Open dvyukov opened 6 years ago
It's possible to generate unique origin ids for parts of a heap allocation with 4-byte granularity.
You mean generate via stackdepot? I was thinking that maybe we can eat some bits from origin and put offset there, so it's still only 1 stackdepot id. We would need to propagate the offset during chaining and print in report.

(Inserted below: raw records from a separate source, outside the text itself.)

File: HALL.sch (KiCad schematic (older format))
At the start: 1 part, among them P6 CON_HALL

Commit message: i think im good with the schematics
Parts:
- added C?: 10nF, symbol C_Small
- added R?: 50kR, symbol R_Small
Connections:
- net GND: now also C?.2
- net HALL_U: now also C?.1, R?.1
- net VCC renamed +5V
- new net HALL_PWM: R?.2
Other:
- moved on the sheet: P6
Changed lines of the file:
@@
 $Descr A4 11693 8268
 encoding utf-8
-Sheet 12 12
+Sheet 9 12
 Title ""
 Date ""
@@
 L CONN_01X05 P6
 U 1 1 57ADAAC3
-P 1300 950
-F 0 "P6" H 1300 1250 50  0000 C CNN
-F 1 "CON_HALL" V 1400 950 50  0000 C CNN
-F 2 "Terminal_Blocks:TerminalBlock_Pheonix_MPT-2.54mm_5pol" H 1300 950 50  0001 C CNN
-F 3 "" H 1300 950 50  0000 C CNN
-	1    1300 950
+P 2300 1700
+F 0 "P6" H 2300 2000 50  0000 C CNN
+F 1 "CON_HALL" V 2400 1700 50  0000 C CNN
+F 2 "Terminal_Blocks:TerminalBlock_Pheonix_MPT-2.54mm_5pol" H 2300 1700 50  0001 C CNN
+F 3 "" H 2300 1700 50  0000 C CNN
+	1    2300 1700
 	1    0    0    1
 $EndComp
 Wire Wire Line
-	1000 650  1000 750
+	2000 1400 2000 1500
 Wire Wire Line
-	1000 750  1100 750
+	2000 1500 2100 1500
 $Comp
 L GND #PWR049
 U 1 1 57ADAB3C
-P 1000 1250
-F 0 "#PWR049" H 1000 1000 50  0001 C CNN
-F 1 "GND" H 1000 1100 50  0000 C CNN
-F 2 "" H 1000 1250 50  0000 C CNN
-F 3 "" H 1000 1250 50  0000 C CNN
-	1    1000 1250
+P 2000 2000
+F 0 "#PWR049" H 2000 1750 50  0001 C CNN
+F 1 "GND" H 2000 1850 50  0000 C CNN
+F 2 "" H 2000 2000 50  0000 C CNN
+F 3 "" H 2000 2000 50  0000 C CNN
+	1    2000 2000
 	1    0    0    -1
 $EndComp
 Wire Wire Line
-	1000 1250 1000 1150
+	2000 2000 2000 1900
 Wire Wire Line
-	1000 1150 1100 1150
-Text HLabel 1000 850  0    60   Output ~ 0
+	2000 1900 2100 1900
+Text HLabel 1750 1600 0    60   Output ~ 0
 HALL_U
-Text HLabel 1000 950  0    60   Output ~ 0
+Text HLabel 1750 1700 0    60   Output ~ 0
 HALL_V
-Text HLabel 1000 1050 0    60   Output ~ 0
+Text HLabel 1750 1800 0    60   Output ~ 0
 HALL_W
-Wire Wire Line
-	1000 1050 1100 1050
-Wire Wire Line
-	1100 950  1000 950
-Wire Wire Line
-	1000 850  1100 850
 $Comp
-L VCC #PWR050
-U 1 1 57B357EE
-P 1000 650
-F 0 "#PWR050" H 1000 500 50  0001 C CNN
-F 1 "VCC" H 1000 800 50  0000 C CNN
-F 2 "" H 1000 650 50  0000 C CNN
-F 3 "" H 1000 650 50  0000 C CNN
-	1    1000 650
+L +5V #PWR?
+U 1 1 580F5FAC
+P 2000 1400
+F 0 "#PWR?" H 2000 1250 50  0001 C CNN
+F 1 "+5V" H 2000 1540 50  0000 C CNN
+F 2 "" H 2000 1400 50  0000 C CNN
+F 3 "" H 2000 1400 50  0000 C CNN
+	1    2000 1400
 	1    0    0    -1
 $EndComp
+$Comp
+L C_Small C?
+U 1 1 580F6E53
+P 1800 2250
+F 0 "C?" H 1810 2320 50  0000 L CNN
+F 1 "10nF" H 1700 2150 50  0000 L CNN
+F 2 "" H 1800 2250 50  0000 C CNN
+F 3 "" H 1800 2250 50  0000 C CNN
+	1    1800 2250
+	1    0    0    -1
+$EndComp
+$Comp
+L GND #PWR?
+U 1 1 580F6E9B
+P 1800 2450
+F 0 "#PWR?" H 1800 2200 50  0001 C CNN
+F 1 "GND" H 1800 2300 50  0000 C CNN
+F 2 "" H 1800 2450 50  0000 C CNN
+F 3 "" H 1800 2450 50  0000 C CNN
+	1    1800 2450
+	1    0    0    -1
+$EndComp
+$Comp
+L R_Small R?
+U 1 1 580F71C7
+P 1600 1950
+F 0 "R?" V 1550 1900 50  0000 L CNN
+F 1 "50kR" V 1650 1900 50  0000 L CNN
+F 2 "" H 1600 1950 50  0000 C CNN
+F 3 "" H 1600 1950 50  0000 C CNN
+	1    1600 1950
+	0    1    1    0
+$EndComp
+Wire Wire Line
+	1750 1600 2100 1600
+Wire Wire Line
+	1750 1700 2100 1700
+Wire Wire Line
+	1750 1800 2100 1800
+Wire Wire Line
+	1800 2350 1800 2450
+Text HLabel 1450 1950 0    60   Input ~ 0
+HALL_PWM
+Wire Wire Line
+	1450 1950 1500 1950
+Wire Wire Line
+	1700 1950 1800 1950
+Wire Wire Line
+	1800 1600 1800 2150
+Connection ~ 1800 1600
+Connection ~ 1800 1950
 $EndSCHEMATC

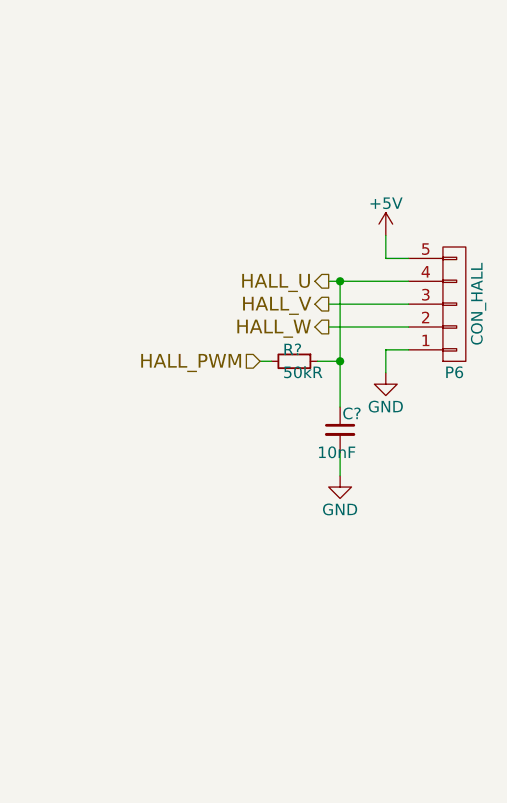
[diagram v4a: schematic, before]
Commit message: changed the maximum outpul voltage of the RC-Filter to VPP
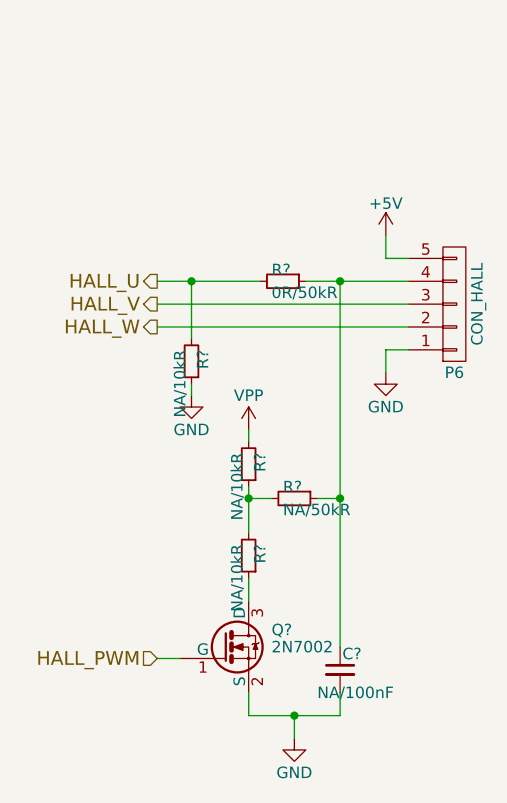
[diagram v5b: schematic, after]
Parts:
- added Q?: 2N7002, TO_SOT_Packages_SMD:SOT-23, symbol 2N7002
- added R?: 0R/50kR, symbol R_Small
- added R? (x3): NA/10kR, symbol R_Small
- C?: value 10nF -> NA/100nF
- R?: value 50kR -> NA/50kR
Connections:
- net GND: now also Q?.2 (S), R?.1
- net HALL_PWM: now also Q?.1 (G); no longer R?.2
- net HALL_U: now also R?.2, R?.2; no longer C?.1, P6.4 (P4), R?.1
- new net: C?.1, P6.4 (P4), R?.1, R?.1
- new net: Q?.3 (D), R?.1
- new net: R?.1, R?.2, R?.2
- new net VPP: R?.2
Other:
- moved on the sheet: C?, R?
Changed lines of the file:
@@
 $Descr A4 11693 8268
 encoding utf-8
-Sheet 9 12
+Sheet 12 12
 Title ""
 Date ""
@@
 Wire Wire Line
 	2000 1900 2100 1900
-Text HLabel 1750 1600 0    60   Output ~ 0
+Text HLabel 1000 1600 0    60   Output ~ 0
 HALL_U
-Text HLabel 1750 1700 0    60   Output ~ 0
+Text HLabel 1000 1700 0    60   Output ~ 0
 HALL_V
-Text HLabel 1750 1800 0    60   Output ~ 0
+Text HLabel 1000 1800 0    60   Output ~ 0
 HALL_W
 $Comp
@@
 L C_Small C?
 U 1 1 580F6E53
-P 1800 2250
-F 0 "C?" H 1810 2320 50  0000 L CNN
-F 1 "10nF" H 1700 2150 50  0000 L CNN
-F 2 "" H 1800 2250 50  0000 C CNN
-F 3 "" H 1800 2250 50  0000 C CNN
-	1    1800 2250
+P 1800 3300
+F 0 "C?" H 1810 3370 50  0000 L CNN
+F 1 "NA/100nF" H 1700 3200 50  0000 L CNN
+F 2 "" H 1800 3300 50  0000 C CNN
+F 3 "" H 1800 3300 50  0000 C CNN
+	1    1800 3300
 	1    0    0    -1
 $EndComp
@@
 L GND #PWR?
 U 1 1 580F6E9B
-P 1800 2450
-F 0 "#PWR?" H 1800 2200 50  0001 C CNN
-F 1 "GND" H 1800 2300 50  0000 C CNN
-F 2 "" H 1800 2450 50  0000 C CNN
-F 3 "" H 1800 2450 50  0000 C CNN
-	1    1800 2450
+P 1600 3600
+F 0 "#PWR?" H 1600 3350 50  0001 C CNN
+F 1 "GND" H 1600 3450 50  0000 C CNN
+F 2 "" H 1600 3600 50  0000 C CNN
+F 3 "" H 1600 3600 50  0000 C CNN
+	1    1600 3600
 	1    0    0    -1
 $EndComp
@@
 L R_Small R?
 U 1 1 580F71C7
-P 1600 1950
-F 0 "R?" V 1550 1900 50  0000 L CNN
-F 1 "50kR" V 1650 1900 50  0000 L CNN
-F 2 "" H 1600 1950 50  0000 C CNN
-F 3 "" H 1600 1950 50  0000 C CNN
-	1    1600 1950
+P 1600 2550
+F 0 "R?" V 1550 2500 50  0000 L CNN
+F 1 "NA/50kR" V 1650 2500 50  0000 L CNN
+F 2 "" H 1600 2550 50  0000 C CNN
+F 3 "" H 1600 2550 50  0000 C CNN
+	1    1600 2550
 	0    1    1    0
 $EndComp
 Wire Wire Line
-	1750 1600 2100 1600
-Wire Wire Line
-	1750 1700 2100 1700
-Wire Wire Line
-	1750 1800 2100 1800
-Wire Wire Line
-	1800 2350 1800 2450
-Text HLabel 1450 1950 0    60   Input ~ 0
+	1650 1600 2100 1600
+Wire Wire Line
+	1000 1700 2100 1700
+Text HLabel 1000 3250 0    60   Input ~ 0
 HALL_PWM
 Wire Wire Line
-	1450 1950 1500 1950
-Wire Wire Line
-	1700 1950 1800 1950
-Wire Wire Line
-	1800 1600 1800 2150
+	1700 2550 1800 2550
+Wire Wire Line
+	1800 1600 1800 3200
 Connection ~ 1800 1600
-Connection ~ 1800 1950
+Connection ~ 1800 2550
+Wire Wire Line
+	1000 1800 2100 1800
+$Comp
+L R_Small R?
+U 1 1 580F173E
+P 1550 1600
+F 0 "R?" V 1500 1550 50  0000 L CNN
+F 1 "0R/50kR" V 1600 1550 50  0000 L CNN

There is a trade off. You can eat through origin id values faster (I think we've seen a case when we ran out of them, but it's probably less of an issue for the kernel), or you can consume a bit more memory per allocation.
These "sub-origins" can be represented with a node in ChainedOriginDepot. This way the stack trace would only be stored once.
In any case, this can result in an explosion of chained origins. Imagine any kind of N*M algoritm, like matrix multiplication. Userspace msan has limits to deal with this.
Why will offsets in origin ids lead to explosion of chained origins? We strip offset, chain, attach offset again. Stackdepot always sees ids without offsets.
You are right. There is no explosion if we only track offsets in the original allocation, and not in subsequent stores.
This come up during analysis of several reports. It would be useful to output what bytes of heap blocks are uninitialized, similar to what we do for stack objects (or, maybe print shadow dump similar to KASAN). It may be useful to see if just 1 int is uninitialized, or just 1 bit in this int, or whole block. Is it theoretically possible to fit offset from the beginning of a heap block into origins too? If offset is rounded to 8 bits, it may be useful already. Or we could granularize offset to fit more.